WORK ITEM:
Return the data below exactly as given, except for the images.

DATA FOR PROCESSING:

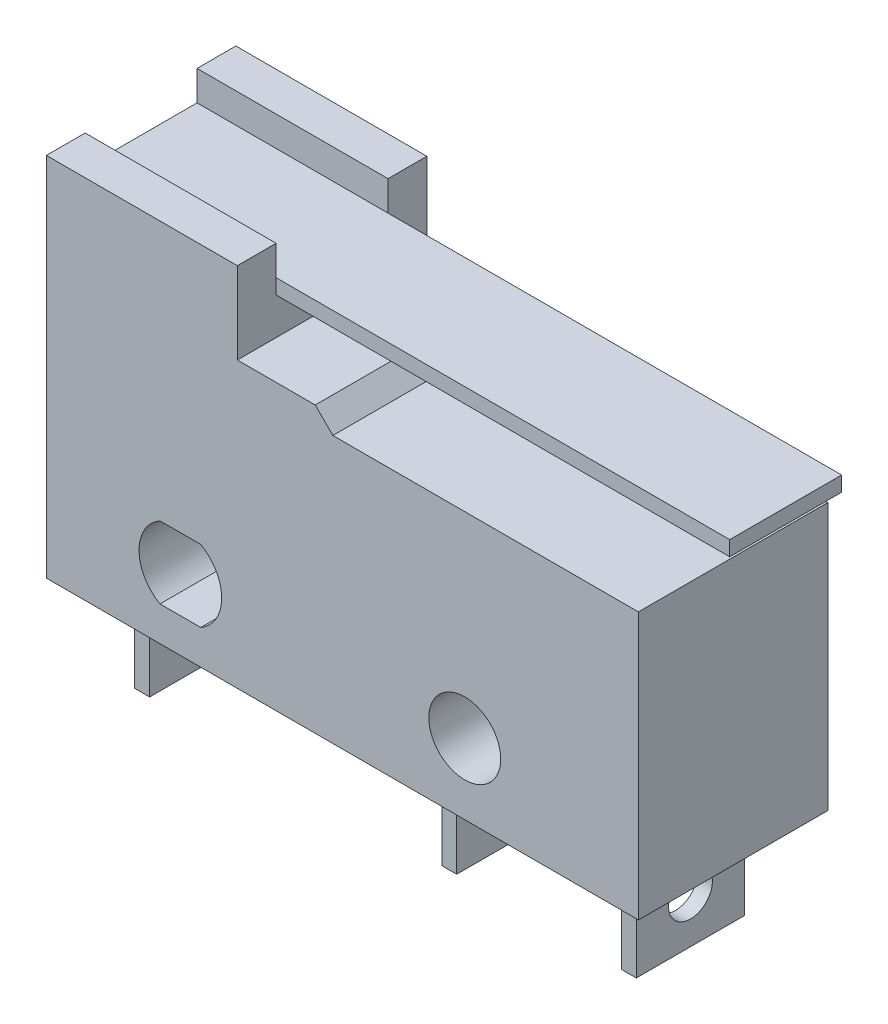
from build123d import *

# Parameters (mm, degrees)
SKETCH_1_R          = 1.205
EXTRUDE_1_DEPTH     = 3.175
SKETCH_2_W          = 0.5
SKETCH_2_H          = 3.63
EXTRUDE_2_DEPTH     = 3.08
SKETCH_3_R          = 0.735
CUT_EXTRUDE_1_DEPTH = 21.998730652
SKETCH_4_W          = 6.4
SKETCH_4_H          = 3.75
CUT_EXTRUDE_2_DEPTH = 1
SKETCH_6_W          = 21.6
SKETCH_6_H          = 3.75
EXTRUDE_3_DEPTH     = 0.5


with BuildPart() as part:
    # 스케치1 → 보스-돌출1 (new, symmetric)
    with BuildSketch(Plane.XY):
        Polygon((-14.02, -2.36), (5.82, -2.36), (5.82, 6.58), (-4.42, 6.58), (-5.01, 7.17), (-7.62, 7.17), (-7.62, 9.908), (-14.02, 9.908), (-14.02, 6.58), align=None)
        Circle(SKETCH_1_R, mode=Mode.SUBTRACT)
        with BuildLine():
            Line((-10.212788401, 1.205), (-8.847211599, 1.205))
            ThreePointArc((-8.847211599, 1.205), (-8.145, 0), (-8.847211599, -1.205))
            Line((-8.847211599, -1.205), (-10.212788401, -1.205))
            ThreePointArc((-10.212788401, -1.205), (-10.915, 0), (-10.212788401, 1.205))
        make_face(mode=Mode.SUBTRACT)
    extrude(amount=EXTRUDE_1_DEPTH, both=True)

    # 스케치2 → 보스-돌출2 (add)
    with BuildSketch(Plane.XZ.offset(2.36)):
        with Locations((-12.17, 0)):
            Rectangle(SKETCH_2_W, SKETCH_2_H)
        with Locations((-1.88, 0)):
            Rectangle(SKETCH_2_W, SKETCH_2_H)
        with Locations((4.14, 0)):
            Rectangle(SKETCH_2_W, SKETCH_2_H)
    extrude(amount=EXTRUDE_2_DEPTH)

    # 스케치3 → 컷-돌출1 (cut, through all)
    with BuildSketch(Plane.ZY.offset(12.42)):
        with Locations(Location((0, -3.9, 0), (0, 0, 270))):
            Circle(SKETCH_3_R)
    extrude(amount=-CUT_EXTRUDE_1_DEPTH, mode=Mode.SUBTRACT)

    # 스케치4 → 컷-돌출2 (cut)
    with BuildSketch(Plane(origin=(0, 9.908, 0), x_dir=(1, 0, 0), z_dir=(0, 1, 0))):
        with Locations((-10.82, 0)):
            Rectangle(SKETCH_4_W, SKETCH_4_H)
    extrude(amount=-CUT_EXTRUDE_2_DEPTH, mode=Mode.SUBTRACT)

    # 스케치6 → 보스-돌출3 (add)
    with BuildSketch(Plane(origin=(0, 8.908, 0), x_dir=(1, 0, 0), z_dir=(0, 1, 0))):
        with Locations((-3.22, 0)):
            Rectangle(SKETCH_6_W, SKETCH_6_H)
    extrude(amount=-EXTRUDE_3_DEPTH)


solid = part.part

SOLUTION TO THIS PROBLEM:
from build123d import *

# Parameters (mm, degrees)
SKETCH_1_R          = 1.205
EXTRUDE_1_DEPTH     = 3.175
SKETCH_2_W          = 0.5
SKETCH_2_H          = 3.63
EXTRUDE_2_DEPTH     = 3.08
SKETCH_3_R          = 0.735
CUT_EXTRUDE_1_DEPTH = 21.998730652
SKETCH_4_W          = 6.4
SKETCH_4_H          = 3.75
CUT_EXTRUDE_2_DEPTH = 1
SKETCH_6_W          = 21.6
SKETCH_6_H          = 3.75
EXTRUDE_3_DEPTH     = 0.5


with BuildPart() as part:
    # 스케치1 → 보스-돌출1 (new, symmetric)
    with BuildSketch(Plane.XY):
        Polygon((-14.02, -2.36), (5.82, -2.36), (5.82, 6.58), (-4.42, 6.58), (-5.01, 7.17), (-7.62, 7.17), (-7.62, 9.908), (-14.02, 9.908), (-14.02, 6.58), align=None)
        Circle(SKETCH_1_R, mode=Mode.SUBTRACT)
        with BuildLine():
            Line((-10.212788401, 1.205), (-8.847211599, 1.205))
            ThreePointArc((-8.847211599, 1.205), (-8.145, 0), (-8.847211599, -1.205))
            Line((-8.847211599, -1.205), (-10.212788401, -1.205))
            ThreePointArc((-10.212788401, -1.205), (-10.915, 0), (-10.212788401, 1.205))
        make_face(mode=Mode.SUBTRACT)
    extrude(amount=EXTRUDE_1_DEPTH, both=True)

    # 스케치2 → 보스-돌출2 (add)
    with BuildSketch(Plane.XZ.offset(2.36)):
        with Locations((-12.17, 0)):
            Rectangle(SKETCH_2_W, SKETCH_2_H)
        with Locations((-1.88, 0)):
            Rectangle(SKETCH_2_W, SKETCH_2_H)
        with Locations((4.14, 0)):
            Rectangle(SKETCH_2_W, SKETCH_2_H)
    extrude(amount=EXTRUDE_2_DEPTH)

    # 스케치3 → 컷-돌출1 (cut, through all)
    with BuildSketch(Plane.ZY.offset(12.42)):
        with Locations(Location((0, -3.9, 0), (0, 0, 270))):
            Circle(SKETCH_3_R)
    extrude(amount=-CUT_EXTRUDE_1_DEPTH, mode=Mode.SUBTRACT)

    # 스케치4 → 컷-돌출2 (cut)
    with BuildSketch(Plane(origin=(0, 9.908, 0), x_dir=(1, 0, 0), z_dir=(0, 1, 0))):
        with Locations((-10.82, 0)):
            Rectangle(SKETCH_4_W, SKETCH_4_H)
    extrude(amount=-CUT_EXTRUDE_2_DEPTH, mode=Mode.SUBTRACT)

    # 스케치6 → 보스-돌출3 (add)
    with BuildSketch(Plane(origin=(0, 8.908, 0), x_dir=(1, 0, 0), z_dir=(0, 1, 0))):
        with Locations((-3.22, 0)):
            Rectangle(SKETCH_6_W, SKETCH_6_H)
    extrude(amount=-EXTRUDE_3_DEPTH)


solid = part.part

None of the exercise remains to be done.